== PROBLEM REQUIREMENTS ==
Among the lines below, take the one holding "#94=EDGE_LOOP('',(#93));", the one holding "#156=DIRECTION('',(0.,0.,1.));", and all lines between them. Set them down exactly.
·····
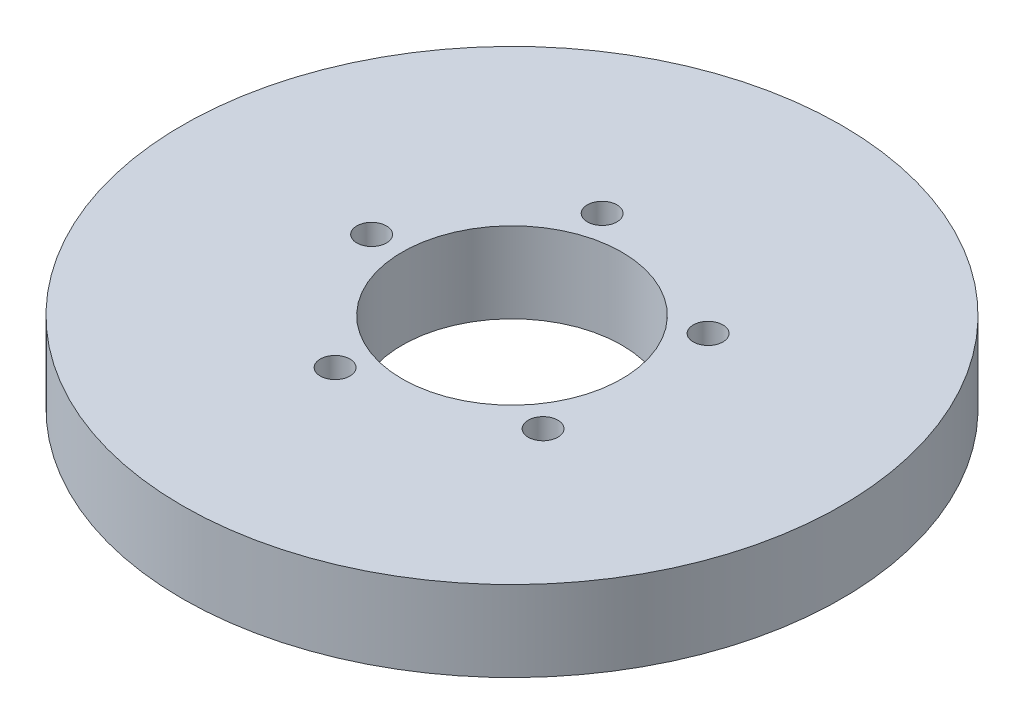
ISO-10303-21;
HEADER;
FILE_DESCRIPTION(('STEP AP214'),'2;1');
FILE_NAME('part.step','',(''),(''),'','','');
FILE_SCHEMA(('AUTOMOTIVE_DESIGN { 1 0 10303 214 1 1 1 1 }'));
ENDSEC;
DATA;
#1=APPLICATION_CONTEXT('core data for automotive mechanical design processes');
#2=APPLICATION_PROTOCOL_DEFINITION('international standard','automotive_design',2000,#1);
#3=PRODUCT_CONTEXT('',#1,'mechanical');
#4=PRODUCT('Part','Part','',(#3));
#5=PRODUCT_RELATED_PRODUCT_CATEGORY('part','',(#4));
#6=PRODUCT_DEFINITION_FORMATION('','',#4);
#7=PRODUCT_DEFINITION_CONTEXT('part definition',#1,'design');
#8=PRODUCT_DEFINITION('design','',#6,#7);
#9=PRODUCT_DEFINITION_SHAPE('','',#8);
#10=(LENGTH_UNIT() NAMED_UNIT(*) SI_UNIT(.MILLI.,.METRE.));
#11=(NAMED_UNIT(*) PLANE_ANGLE_UNIT() SI_UNIT($,.RADIAN.));
#12=(NAMED_UNIT(*) SI_UNIT($,.STERADIAN.) SOLID_ANGLE_UNIT());
#13=UNCERTAINTY_MEASURE_WITH_UNIT(LENGTH_MEASURE(1.E-05),#10,'distance_accuracy_value','');
#14=(GEOMETRIC_REPRESENTATION_CONTEXT(3) GLOBAL_UNCERTAINTY_ASSIGNED_CONTEXT((#13)) GLOBAL_UNIT_ASSIGNED_CONTEXT((#10,
#11,#12)) REPRESENTATION_CONTEXT('',''));
#15=CARTESIAN_POINT('',(0.,0.,0.));
#16=DIRECTION('',(0.,0.,1.));
#17=DIRECTION('',(1.,0.,0.));
#18=AXIS2_PLACEMENT_3D('',#15,#16,#17);
#19=CARTESIAN_POINT('',(0.,11.,0.));
#20=DIRECTION('',(0.,-1.,0.));
#21=DIRECTION('',(0.,0.,-1.));
#22=AXIS2_PLACEMENT_3D('',#19,#20,#21);
#23=CYLINDRICAL_SURFACE('',#22,45.);
#24=CARTESIAN_POINT('',(0.,11.,0.));
#25=DIRECTION('',(0.,1.,0.));
#26=DIRECTION('',(0.,0.,1.));
#27=AXIS2_PLACEMENT_3D('',#24,#25,#26);
#28=CIRCLE('',#27,45.);
#29=CARTESIAN_POINT('',(0.,11.,45.));
#30=VERTEX_POINT('',#29);
#31=EDGE_CURVE('E10',#30,#30,#28,.T.);
#32=ORIENTED_EDGE('',*,*,#31,.F.);
#33=EDGE_LOOP('',(#32));
#34=FACE_BOUND('',#33,.T.);
#35=CARTESIAN_POINT('',(0.,0.,0.));
#36=DIRECTION('',(0.,1.,0.));
#37=DIRECTION('',(0.,0.,1.));
#38=AXIS2_PLACEMENT_3D('',#35,#36,#37);
#39=CIRCLE('',#38,45.);
#40=CARTESIAN_POINT('',(0.,0.,45.));
#41=VERTEX_POINT('',#40);
#42=EDGE_CURVE('E37',#41,#41,#39,.T.);
#43=ORIENTED_EDGE('',*,*,#42,.T.);
#44=EDGE_LOOP('',(#43));
#45=FACE_BOUND('',#44,.T.);
#46=ADVANCED_FACE('F40',(#34,#45),#23,.T.);
#47=CARTESIAN_POINT('',(0.,11.,0.));
#48=DIRECTION('',(0.,1.,0.));
#49=DIRECTION('',(0.,0.,1.));
#50=AXIS2_PLACEMENT_3D('',#47,#48,#49);
#51=PLANE('',#50);
#52=CARTESIAN_POINT('',(-5.9234889176696,11.,18.230624324552));
#53=DIRECTION('',(0.,1.,0.));
#54=DIRECTION('',(0.951056516295155,0.,0.309016994374945));
#55=AXIS2_PLACEMENT_3D('',#52,#53,#54);
#56=CIRCLE('',#55,2.02380194989782);
#57=CARTESIAN_POINT('',(-5.9234889176696,11.,20.2544262744498));
#58=VERTEX_POINT('',#57);
#59=EDGE_CURVE('E78',#58,#58,#56,.T.);
#60=ORIENTED_EDGE('',*,*,#59,.F.);
#61=EDGE_LOOP('',(#60));
#62=FACE_BOUND('',#61,.T.);
#63=CARTESIAN_POINT('',(15.5078953184425,11.,11.2671454687036));
#64=DIRECTION('',(0.,1.,0.));
#65=DIRECTION('',(0.587785252292469,0.,-0.809016994374951));
#66=AXIS2_PLACEMENT_3D('',#63,#64,#65);
#67=CIRCLE('',#66,2.02380194989782);
#68=CARTESIAN_POINT('',(15.5078953184425,11.,13.2909474186014));
#69=VERTEX_POINT('',#68);
#70=EDGE_CURVE('E71',#69,#69,#67,.T.);
#71=ORIENTED_EDGE('',*,*,#70,.F.);
#72=EDGE_LOOP('',(#71));
#73=FACE_BOUND('',#72,.T.);
#74=CARTESIAN_POINT('',(15.5078953184424,11.,-11.2671454687038));
#75=DIRECTION('',(0.,1.,0.));
#76=DIRECTION('',(-0.58778525229248,0.,-0.809016994374942));
#77=AXIS2_PLACEMENT_3D('',#74,#75,#76);
#78=CIRCLE('',#77,2.02380194989782);
#79=CARTESIAN_POINT('',(15.5078953184424,11.,-9.24334351880601));
#80=VERTEX_POINT('',#79);
#81=EDGE_CURVE('E70',#80,#80,#78,.T.);
#82=ORIENTED_EDGE('',*,*,#81,.F.);
#83=EDGE_LOOP('',(#82));
#84=FACE_BOUND('',#83,.T.);
#85=CARTESIAN_POINT('',(-5.92348891766986,11.,-18.2306243245519));
#86=DIRECTION('',(0.,1.,0.));
#87=DIRECTION('',(-0.95105651629515,0.,0.309016994374958));
#88=AXIS2_PLACEMENT_3D('',#85,#86,#87);
#89=CIRCLE('',#88,2.02380194989782);
#90=CARTESIAN_POINT('',(-5.92348891766986,11.,-16.2068223746541));
#91=VERTEX_POINT('',#90);
#92=EDGE_CURVE('E61',#91,#91,#89,.T.);
#93=ORIENTED_EDGE('',*,*,#92,.F.);
#94=EDGE_LOOP('',(#93));
#95=FACE_BOUND('',#94,.T.);
#96=CARTESIAN_POINT('',(-19.1688128015456,11.,0.));
#97=DIRECTION('',(0.,1.,0.));
#98=DIRECTION('',(0.,0.,1.));
#99=AXIS2_PLACEMENT_3D('',#96,#97,#98);
#100=CIRCLE('',#99,2.02380194989782);
#101=CARTESIAN_POINT('',(-19.1688128015456,11.,2.02380194989782));
#102=VERTEX_POINT('',#101);
#103=EDGE_CURVE('E54',#102,#102,#100,.T.);
#104=ORIENTED_EDGE('',*,*,#103,.F.);
#105=EDGE_LOOP('',(#104));
#106=FACE_BOUND('',#105,.T.);
#107=CARTESIAN_POINT('',(0.,11.,0.));
#108=DIRECTION('',(0.,1.,0.));
#109=DIRECTION('',(0.,0.,1.));
#110=AXIS2_PLACEMENT_3D('',#107,#108,#109);
#111=CIRCLE('',#110,15.);
#112=CARTESIAN_POINT('',(0.,11.,15.));
#113=VERTEX_POINT('',#112);
#114=EDGE_CURVE('E50',#113,#113,#111,.T.);
#115=ORIENTED_EDGE('',*,*,#114,.F.);
#116=EDGE_LOOP('',(#115));
#117=FACE_BOUND('',#116,.T.);
#118=ORIENTED_EDGE('',*,*,#31,.T.);
#119=EDGE_LOOP('',(#118));
#120=FACE_BOUND('',#119,.T.);
#121=ADVANCED_FACE('F94',(#62,#73,#84,#95,#106,#117,#120),#51,.T.);
#122=CARTESIAN_POINT('',(0.,0.,0.));
#123=DIRECTION('',(0.,1.,0.));
#124=DIRECTION('',(0.,0.,1.));
#125=AXIS2_PLACEMENT_3D('',#122,#123,#124);
#126=PLANE('',#125);
#127=CARTESIAN_POINT('',(0.,0.,0.));
#128=DIRECTION('',(0.,1.,0.));
#129=DIRECTION('',(0.,0.,1.));
#130=AXIS2_PLACEMENT_3D('',#127,#128,#129);
#131=CIRCLE('',#130,15.);
#132=CARTESIAN_POINT('',(0.,0.,15.));
#133=VERTEX_POINT('',#132);
#134=EDGE_CURVE('E47',#133,#133,#131,.T.);
#135=ORIENTED_EDGE('',*,*,#134,.T.);
#136=EDGE_LOOP('',(#135));
#137=FACE_BOUND('',#136,.T.);
#138=ORIENTED_EDGE('',*,*,#42,.F.);
#139=EDGE_LOOP('',(#138));
#140=FACE_BOUND('',#139,.T.);
#141=ADVANCED_FACE('F100',(#137,#140),#126,.F.);
#142=CARTESIAN_POINT('',(0.,11.,0.));
#143=DIRECTION('',(0.,-1.,0.));
#144=DIRECTION('',(0.,0.,-1.));
#145=AXIS2_PLACEMENT_3D('',#142,#143,#144);
#146=CYLINDRICAL_SURFACE('',#145,15.);
#147=ORIENTED_EDGE('',*,*,#114,.T.);
#148=EDGE_LOOP('',(#147));
#149=FACE_BOUND('',#148,.T.);
#150=ORIENTED_EDGE('',*,*,#134,.F.);
#151=EDGE_LOOP('',(#150));
#152=FACE_BOUND('',#151,.T.);
#153=ADVANCED_FACE('F108',(#149,#152),#146,.F.);
#154=CARTESIAN_POINT('',(-19.1688128015456,2.25779650129062,0.));
#155=DIRECTION('',(0.,1.,0.));
#156=DIRECTION('',(0.,0.,1.));
#157=AXIS2_PLACEMENT_3D('',#154,#155,#156);
#158=CYLINDRICAL_SURFACE('',#157,2.02380194989782);
#159=CARTESIAN_POINT('',(-19.1688128015456,2.25779650129062,0.));
#160=DIRECTION('',(0.,1.,0.));
#161=DIRECTION('',(0.,0.,1.));
#162=AXIS2_PLACEMENT_3D('',#159,#160,#161);
#163=CIRCLE('',#162,2.02380194989782);
#164=CARTESIAN_POINT('',(-19.1688128015456,2.25779650129062,2.02380194989782));
#165=VERTEX_POINT('',#164);
#166=EDGE_CURVE('E55',#165,#165,#163,.T.);
#167=CARTESIAN_POINT('',(-19.1688128015456,2.25779650129062,2.02380194989782));
#168=CARTESIAN_POINT('',(-19.1688128015456,2.34886112106884,2.02380194989782));
#169=CARTESIAN_POINT('',(-19.1688128015456,2.43992574084707,2.02380194989782));
#170=CARTESIAN_POINT('',(-19.1688128015456,2.62205498040351,2.02380194989782));
#171=CARTESIAN_POINT('',(-19.1688128015456,2.71311960018173,2.02380194989782));
#172=CARTESIAN_POINT('',(-19.1688128015456,2.89524883973818,2.02380194989782));
#173=CARTESIAN_POINT('',(-19.1688128015456,2.9863134595164,2.02380194989782));
#174=CARTESIAN_POINT('',(-19.1688128015456,3.16844269907285,2.02380194989782));
#175=CARTESIAN_POINT('',(-19.1688128015456,3.25950731885107,2.02380194989782));
#176=CARTESIAN_POINT('',(-19.1688128015456,3.44163655840752,2.02380194989782));
#177=CARTESIAN_POINT('',(-19.1688128015456,3.53270117818574,2.02380194989782));
#178=CARTESIAN_POINT('',(-19.1688128015456,3.71483041774218,2.02380194989782));
#179=CARTESIAN_POINT('',(-19.1688128015456,3.80589503752041,2.02380194989782));
#180=CARTESIAN_POINT('',(-19.1688128015456,3.98802427707685,2.02380194989782));
#181=CARTESIAN_POINT('',(-19.1688128015456,4.07908889685508,2.02380194989782));
#182=CARTESIAN_POINT('',(-19.1688128015456,4.26121813641152,2.02380194989782));
#183=CARTESIAN_POINT('',(-19.1688128015456,4.35228275618974,2.02380194989782));
#184=CARTESIAN_POINT('',(-19.1688128015456,4.53441199574619,2.02380194989782));
#185=CARTESIAN_POINT('',(-19.1688128015456,4.62547661552441,2.02380194989782));
#186=CARTESIAN_POINT('',(-19.1688128015456,4.80760585508086,2.02380194989782));
#187=CARTESIAN_POINT('',(-19.1688128015456,4.89867047485908,2.02380194989782));
#188=CARTESIAN_POINT('',(-19.1688128015456,5.08079971441552,2.02380194989782));
#189=CARTESIAN_POINT('',(-19.1688128015456,5.17186433419375,2.02380194989782));
#190=CARTESIAN_POINT('',(-19.1688128015456,5.35399357375019,2.02380194989782));
#191=CARTESIAN_POINT('',(-19.1688128015456,5.44505819352842,2.02380194989782));
#192=CARTESIAN_POINT('',(-19.1688128015456,5.62718743308486,2.02380194989782));
#193=CARTESIAN_POINT('',(-19.1688128015456,5.71825205286308,2.02380194989782));
#194=CARTESIAN_POINT('',(-19.1688128015456,5.90038129241953,2.02380194989782));
#195=CARTESIAN_POINT('',(-19.1688128015456,5.99144591219775,2.02380194989782));
#196=CARTESIAN_POINT('',(-19.1688128015456,6.1735751517542,2.02380194989782));
#197=CARTESIAN_POINT('',(-19.1688128015456,6.26463977153242,2.02380194989782));
#198=CARTESIAN_POINT('',(-19.1688128015456,6.44676901108886,2.02380194989782));
#199=CARTESIAN_POINT('',(-19.1688128015456,6.53783363086709,2.02380194989782));
#200=CARTESIAN_POINT('',(-19.1688128015456,6.71996287042353,2.02380194989782));
#201=CARTESIAN_POINT('',(-19.1688128015456,6.81102749020176,2.02380194989782));
#202=CARTESIAN_POINT('',(-19.1688128015456,6.9931567297582,2.02380194989782));
#203=CARTESIAN_POINT('',(-19.1688128015456,7.08422134953642,2.02380194989782));
#204=CARTESIAN_POINT('',(-19.1688128015456,7.26635058909287,2.02380194989782));
#205=CARTESIAN_POINT('',(-19.1688128015456,7.35741520887109,2.02380194989782));
#206=CARTESIAN_POINT('',(-19.1688128015456,7.53954444842754,2.02380194989782));
#207=CARTESIAN_POINT('',(-19.1688128015456,7.63060906820576,2.02380194989782));
#208=CARTESIAN_POINT('',(-19.1688128015456,7.81273830776221,2.02380194989782));
#209=CARTESIAN_POINT('',(-19.1688128015456,7.90380292754043,2.02380194989782));
#210=CARTESIAN_POINT('',(-19.1688128015456,8.08593216709687,2.02380194989782));
#211=CARTESIAN_POINT('',(-19.1688128015456,8.1769967868751,2.02380194989782));
#212=CARTESIAN_POINT('',(-19.1688128015456,8.35912602643154,2.02380194989782));
#213=CARTESIAN_POINT('',(-19.1688128015456,8.45019064620976,2.02380194989782));
#214=CARTESIAN_POINT('',(-19.1688128015456,8.63231988576621,2.02380194989782));
#215=CARTESIAN_POINT('',(-19.1688128015456,8.72338450554443,2.02380194989782));
#216=CARTESIAN_POINT('',(-19.1688128015456,8.90551374510088,2.02380194989782));
#217=CARTESIAN_POINT('',(-19.1688128015456,8.9965783648791,2.02380194989782));
#218=CARTESIAN_POINT('',(-19.1688128015456,9.17870760443555,2.02380194989782));
#219=CARTESIAN_POINT('',(-19.1688128015456,9.26977222421377,2.02380194989782));
#220=CARTESIAN_POINT('',(-19.1688128015456,9.45190146377021,2.02380194989782));
#221=CARTESIAN_POINT('',(-19.1688128015456,9.54296608354844,2.02380194989782));
#222=CARTESIAN_POINT('',(-19.1688128015456,9.72509532310488,2.02380194989782));
#223=CARTESIAN_POINT('',(-19.1688128015456,9.8161599428831,2.02380194989782));
#224=CARTESIAN_POINT('',(-19.1688128015456,9.99828918243955,2.02380194989782));
#225=CARTESIAN_POINT('',(-19.1688128015456,10.0893538022178,2.02380194989782));
#226=CARTESIAN_POINT('',(-19.1688128015456,10.2714830417742,2.02380194989782));
#227=CARTESIAN_POINT('',(-19.1688128015456,10.3625476615524,2.02380194989782));
#228=CARTESIAN_POINT('',(-19.1688128015456,10.5446769011089,2.02380194989782));
#229=CARTESIAN_POINT('',(-19.1688128015456,10.6357415208871,2.02380194989782));
#230=CARTESIAN_POINT('',(-19.1688128015456,10.8178707604436,2.02380194989782));
#231=CARTESIAN_POINT('',(-19.1688128015456,10.9089353802218,2.02380194989782));
#232=CARTESIAN_POINT('',(-19.1688128015456,11.,2.02380194989782));
#233=B_SPLINE_CURVE_WITH_KNOTS('',3,(#167,#168,#169,#170,#171,#172,#173,#174,#175,#176,#177,
#178,#179,#180,#181,#182,#183,#184,#185,#186,#187,#188,#189,#190,#191,#192,#193,#194,#195,#196,
#197,#198,#199,#200,#201,#202,#203,#204,#205,#206,#207,#208,#209,#210,#211,#212,#213,#214,#215,
#216,#217,#218,#219,#220,#221,#222,#223,#224,#225,#226,#227,#228,#229,#230,#231,#232),
.UNSPECIFIED.,.F.,.F.,(4,2,2,2,2,2,2,2,2,2,2,2,2,2,2,2,2,2,2,2,2,2,2,2,2,2,2,2,2,2,2,2,4),(0.,
0.273193859334668,0.546387718669336,0.819581578004004,1.09277543733867,1.36596929667334,
1.63916315600801,1.91235701534268,2.18555087467734,2.45874473401201,2.73193859334668,
3.00513245268135,3.27832631201602,3.55152017135069,3.82471403068535,4.09790789002002,
4.37110174935469,4.64429560868936,4.91748946802403,5.19068332735869,5.46387718669336,
5.73707104602803,6.0102649053627,6.28345876469736,6.55665262403203,6.8298464833667,
7.10304034270137,7.37623420203604,7.64942806137071,7.92262192070537,8.19581578004004,
8.46900963937471,8.74220349870938),.UNSPECIFIED.);
#234=EDGE_CURVE('BSEAM115',#165,#102,#233,.T.);
#235=ORIENTED_EDGE('',*,*,#166,.F.);
#236=ORIENTED_EDGE('',*,*,#103,.T.);
#237=ORIENTED_EDGE('',*,*,#234,.T.);
#238=ORIENTED_EDGE('',*,*,#234,.F.);
#239=EDGE_LOOP('',(#235,#237,#236,#238));
#240=FACE_BOUND('',#239,.T.);
#241=ADVANCED_FACE('F115',(#240),#158,.F.);
#242=CARTESIAN_POINT('',(-19.1688128015456,2.25779650129062,0.));
#243=DIRECTION('',(0.,1.,0.));
#244=DIRECTION('',(0.,0.,1.));
#245=AXIS2_PLACEMENT_3D('',#242,#243,#244);
#246=PLANE('',#245);
#247=ORIENTED_EDGE('',*,*,#166,.T.);
#248=EDGE_LOOP('',(#247));
#249=FACE_BOUND('',#248,.T.);
#250=ADVANCED_FACE('F142',(#249),#246,.T.);
#251=CARTESIAN_POINT('',(-5.92348891766986,2.25779650129062,-18.2306243245519));
#252=DIRECTION('',(0.,1.,0.));
#253=DIRECTION('',(0.,0.,1.));
#254=AXIS2_PLACEMENT_3D('',#251,#252,#253);
#255=CYLINDRICAL_SURFACE('',#254,2.02380194989782);
#256=CARTESIAN_POINT('',(-5.92348891766986,2.25779650129062,-18.2306243245519));
#257=DIRECTION('',(0.,1.,0.));
#258=DIRECTION('',(-0.95105651629515,0.,0.309016994374958));
#259=AXIS2_PLACEMENT_3D('',#256,#257,#258);
#260=CIRCLE('',#259,2.02380194989782);
#261=CARTESIAN_POINT('',(-5.92348891766986,2.25779650129062,-16.2068223746541));
#262=VERTEX_POINT('',#261);
#263=EDGE_CURVE('E63',#262,#262,#260,.T.);
#264=CARTESIAN_POINT('',(-5.92348891766986,2.25779650129062,-16.2068223746541));
#265=CARTESIAN_POINT('',(-5.92348891766986,2.34886112106884,-16.2068223746541));
#266=CARTESIAN_POINT('',(-5.92348891766986,2.43992574084707,-16.2068223746541));
#267=CARTESIAN_POINT('',(-5.92348891766986,2.62205498040351,-16.2068223746541));
#268=CARTESIAN_POINT('',(-5.92348891766986,2.71311960018173,-16.2068223746541));
#269=CARTESIAN_POINT('',(-5.92348891766986,2.89524883973818,-16.2068223746541));
#270=CARTESIAN_POINT('',(-5.92348891766986,2.9863134595164,-16.2068223746541));
#271=CARTESIAN_POINT('',(-5.92348891766986,3.16844269907285,-16.2068223746541));
#272=CARTESIAN_POINT('',(-5.92348891766986,3.25950731885107,-16.2068223746541));
#273=CARTESIAN_POINT('',(-5.92348891766986,3.44163655840752,-16.2068223746541));
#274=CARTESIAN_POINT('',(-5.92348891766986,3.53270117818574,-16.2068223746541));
·····
== ANSWER TO THIS TASK ==
#94=EDGE_LOOP('',(#93));
#95=FACE_BOUND('',#94,.T.);
#96=CARTESIAN_POINT('',(-19.1688128015456,11.,0.));
#97=DIRECTION('',(0.,1.,0.));
#98=DIRECTION('',(0.,0.,1.));
#99=AXIS2_PLACEMENT_3D('',#96,#97,#98);
#100=CIRCLE('',#99,2.02380194989782);
#101=CARTESIAN_POINT('',(-19.1688128015456,11.,2.02380194989782));
#102=VERTEX_POINT('',#101);
#103=EDGE_CURVE('E54',#102,#102,#100,.T.);
#104=ORIENTED_EDGE('',*,*,#103,.F.);
#105=EDGE_LOOP('',(#104));
#106=FACE_BOUND('',#105,.T.);
#107=CARTESIAN_POINT('',(0.,11.,0.));
#108=DIRECTION('',(0.,1.,0.));
#109=DIRECTION('',(0.,0.,1.));
#110=AXIS2_PLACEMENT_3D('',#107,#108,#109);
#111=CIRCLE('',#110,15.);
#112=CARTESIAN_POINT('',(0.,11.,15.));
#113=VERTEX_POINT('',#112);
#114=EDGE_CURVE('E50',#113,#113,#111,.T.);
#115=ORIENTED_EDGE('',*,*,#114,.F.);
#116=EDGE_LOOP('',(#115));
#117=FACE_BOUND('',#116,.T.);
#118=ORIENTED_EDGE('',*,*,#31,.T.);
#119=EDGE_LOOP('',(#118));
#120=FACE_BOUND('',#119,.T.);
#121=ADVANCED_FACE('F94',(#62,#73,#84,#95,#106,#117,#120),#51,.T.);
#122=CARTESIAN_POINT('',(0.,0.,0.));
#123=DIRECTION('',(0.,1.,0.));
#124=DIRECTION('',(0.,0.,1.));
#125=AXIS2_PLACEMENT_3D('',#122,#123,#124);
#126=PLANE('',#125);
#127=CARTESIAN_POINT('',(0.,0.,0.));
#128=DIRECTION('',(0.,1.,0.));
#129=DIRECTION('',(0.,0.,1.));
#130=AXIS2_PLACEMENT_3D('',#127,#128,#129);
#131=CIRCLE('',#130,15.);
#132=CARTESIAN_POINT('',(0.,0.,15.));
#133=VERTEX_POINT('',#132);
#134=EDGE_CURVE('E47',#133,#133,#131,.T.);
#135=ORIENTED_EDGE('',*,*,#134,.T.);
#136=EDGE_LOOP('',(#135));
#137=FACE_BOUND('',#136,.T.);
#138=ORIENTED_EDGE('',*,*,#42,.F.);
#139=EDGE_LOOP('',(#138));
#140=FACE_BOUND('',#139,.T.);
#141=ADVANCED_FACE('F100',(#137,#140),#126,.F.);
#142=CARTESIAN_POINT('',(0.,11.,0.));
#143=DIRECTION('',(0.,-1.,0.));
#144=DIRECTION('',(0.,0.,-1.));
#145=AXIS2_PLACEMENT_3D('',#142,#143,#144);
#146=CYLINDRICAL_SURFACE('',#145,15.);
#147=ORIENTED_EDGE('',*,*,#114,.T.);
#148=EDGE_LOOP('',(#147));
#149=FACE_BOUND('',#148,.T.);
#150=ORIENTED_EDGE('',*,*,#134,.F.);
#151=EDGE_LOOP('',(#150));
#152=FACE_BOUND('',#151,.T.);
#153=ADVANCED_FACE('F108',(#149,#152),#146,.F.);
#154=CARTESIAN_POINT('',(-19.1688128015456,2.25779650129062,0.));
#155=DIRECTION('',(0.,1.,0.));
#156=DIRECTION('',(0.,0.,1.));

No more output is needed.